The bill’s sponsor — New Orleans state Rep. Austin Badon — said the it would create a $10 million taxpayer-funded scholarship program in Orleans Parish. That could send up to 1,500 children to private and parochial schools.

Only students in low-performing public schools and from low-income families would qualify for the program under Badon’s bill.

“Every opponent I hear is always talking about monitoring the status quo,” said Badon-D, New Orleans East’s representative. “They always talk about the money. They never say anything about the children and families.”

Badon said the program is all about giving parents the choice to send their children to a quality school.

“What it will do is it will breed competition and competition is good,” Badon said.

Opponents, though, said there already is enough competition in Orleans Parish schools.

“You have charter schools,” said Joe Potts, a member of the Jefferson Federation of Teachers. “You have for-profit charter schools. You have a regular public school system with Orleans Parish. You have Algiers charter schools. You have private schools. And you have parochial schools.”

Opponents of the scholarship bill said it doesn’t put the children first.

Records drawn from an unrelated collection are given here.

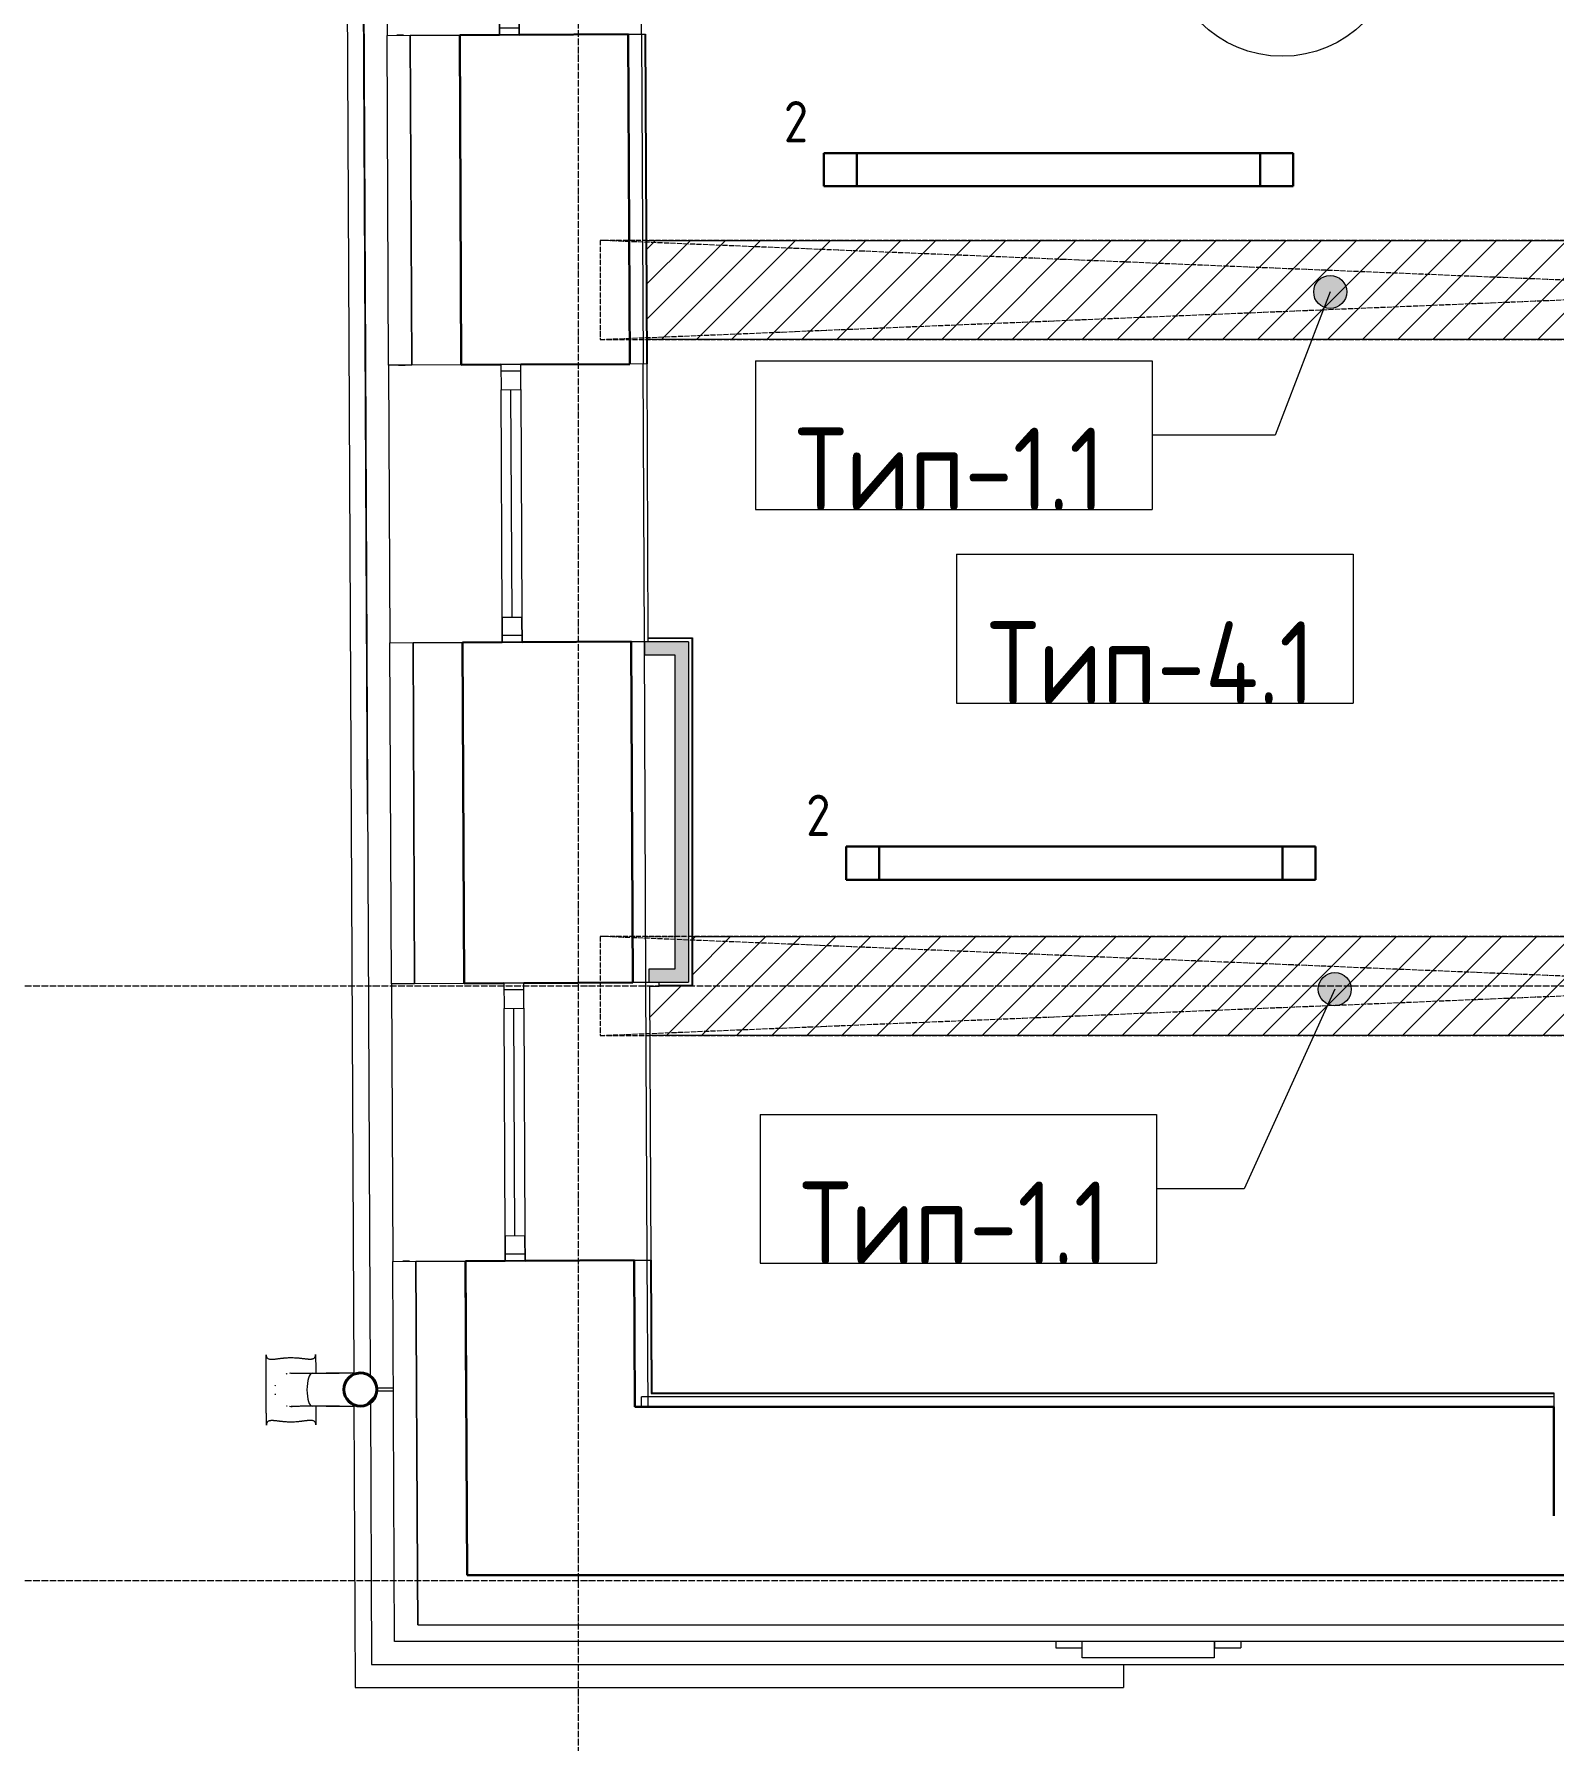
# Model space of a CAD drawing. Header units: millimetres. Extents: x -13069 to 207500, y -71366 to 56785.
# Drawn here: x -1648 to 2951, y -490 to 4675 of the extents above; entities that cross this region are included whole.
import ezdxf

# ---------------------------------------------------------------- set-up
doc = ezdxf.new("R2010")
doc.units = ezdxf.units.MM
for name, pattern in [('ADSK_Линия сетки', [25, 20, -2.5, 0, -2.5]), ('ADSK_Штрих_ш3 п1_5', [4.5, 3, -1.5]), ('ADSK_Штрихпунктирная 2 точки_ш15 п1_5 п1_5 п1_5', [19.5, 15, -1.5, 0, -1.5, 0, -1.5])]:
    doc.linetypes.add(name, pattern=pattern)
for name, color, linetype, lineweight in [('_ Окна', 7, 'Continuous', 9), ('Аннотация', 7, 'Continuous', 18), ('Каркас', 7, 'Continuous', 18), ('Марки', 7, 'Continuous', 20), ('Марки помещений', 7, 'Continuous', 20), ('Обобщенные модели', 7, 'Continuous', 18), ('Окна', 7, 'Continuous', 9), ('Оси', 7, 'Continuous', 9), ('Потолки', 7, 'Continuous', 9), ('Потолки штриховка', 7, 'Continuous', 9), ('Стены внутренние', 7, 'Continuous', 18), ('Стены наружные', 7, 'Continuous', 18), ('Стены несущие', 7, 'Continuous', 30), ('Стены отделка', 7, 'Continuous', 30), ('Стены штриховка', 7, 'Continuous', 9)]:
    doc.layers.add(name, color=color, linetype=linetype, lineweight=lineweight)
doc.layers.add('Линии', color=7, linetype='Continuous', lineweight=9, true_color=0x00a600)
doc.styles.add('GOST Common_4', font='GOST_Common.ttf', dxfattribs={"width": 0.9, "height": 125})
doc.styles.add('GOST Common_B', font='', dxfattribs={"width": 0.9, "height": 250})
doc.styles.get('GOST Common_B').set_extended_font_data('GOST Common', bold=True)

# ---------------------------------------------------------------- blocks, each defined once
blk = doc.blocks.new('Водосток - Тип 1 _карниз больше 490мм_-5158525-План потолков 1-го этажа')
at = {"layer": 'Обобщенные модели', "lineweight": 9}
h = blk.add_hatch(dxfattribs=at)
h.set_pattern_fill('FP_10', color=256, style=0, pattern_type=2)
h.set_pattern_definition([(314.728, (-451.3, -498.1), (106.568, 105.561), [])])
h.paths.add_polyline_path([(76.3, 171.1), (76.3, 148.9), (85.9, 128.8), (103.3, 115), (126.7, 110.4), (147.3, 115.5), (164.7, 130), (173.7, 148.9), (173.7, 171.1), (164.1, 191.2), (146.7, 205), (125, 210), (103.3, 205), (85.9, 191.2), (79.2, 177.2)])
at = {"layer": 'Обобщенные модели'}
for p, q in [((18.8, 445), (24.9, 445)), ((225.1, 445), (231.2, 445)), ((24.9, 295), (18.8, 295)), ((75, 223.8), (75, 306.2)), ((75, 263.6), (75, 306.2)), ((75, 223.8), (75, 266.4)), ((175, 306.2), (175, 223.8)), ((175, 306.2), (175, 263.6)), ((175, 266.4), (175, 223.8)), ((231.2, 295), (225.1, 295)), ((120, 60.9), (120, 108.7)), ((130, 109.1), (130, 60.9))]:
    blk.add_line(p, q, dxfattribs=at)
at = {"layer": 'Обобщенные модели', "flags": 128}
for points in [[(75, 266.4), (75, 272), (75, 277.6), (75, 283.1), (75, 288.5), (75, 293.8), (75, 298.9), (75, 304), (75, 308.9), (75, 313.6), (75, 318.2), (75, 322.7), (75, 327), (75, 331.1), (75, 335.1), (75, 338.8), (75, 342.4), (75, 345.7), (75, 348.9), (75, 351.9), (75, 354.6), (75, 357.2), (75, 359.5), (75, 361.6), (75, 363.4), (75, 365.1), (75, 366.5), (75, 367.7), (75, 368.6), (75, 369.3), (75, 369.8), (75, 370), (75, 370)], [(175, 370), (175, 369.9), (175, 369.5), (175, 368.9), (175, 368.1), (175, 367), (175, 365.7), (175, 364.2), (175, 362.4), (175, 360.4), (175, 358.2), (175, 355.7), (175, 353), (175, 350.2), (175, 347.1), (175, 343.8), (175, 340.3), (175, 336.6), (175, 332.8), (175, 328.7), (175, 324.5), (175, 320.1), (175, 315.6), (175, 310.9), (175, 306), (175, 301), (175, 295.9), (175, 290.7), (175, 285.4), (175, 279.9), (175, 274.4), (175, 268.7), (175, 266.4)], [(75, 263.6), (75, 258), (75, 252.4), (75, 246.9), (75, 241.5), (75, 236.2), (75, 231.1), (75, 226), (75, 221.1), (75, 216.4), (75, 211.8), (75, 207.3), (75, 203), (75, 198.9), (75, 194.9), (75, 191.2), (75, 187.6), (75, 184.3), (75, 181.1), (75, 179.9)], [(175, 179.9), (175, 182.9), (175, 186.2), (175, 189.7), (175, 193.4), (175, 197.2), (175, 201.3), (175, 205.5), (175, 209.9), (175, 214.4), (175, 219.1), (175, 224), (175, 229), (175, 234.1), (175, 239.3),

They said it puts narrow special interest — like the Catholic schools — above public education.

“This bill is an elitist effort to siphon public money to support private systems that are not accountable,” Christian Roselund said.

The NAACP said it may file a discrimination lawsuit if the scholarship bill passes and the governor signs it.

“At a time when the superintendent of the recovery school district is acknowledging that more financial resources are needed to provide an adequate public education to our children, SB795 will result in less financial resources being available to our children,” the NAACP’s Danatus King said.

Responded Badon, “These are scare tactics. They're trying to scare the general public. I hope they're about educating our children and that's the first and paramount goal. That's mine is to educate children.”

The bill — backed by Jindal — is now scheduled to face its final legislative hurdle in the state senate on Monday.  A similar bill setting up a statewide school voucher program appears dead for the session.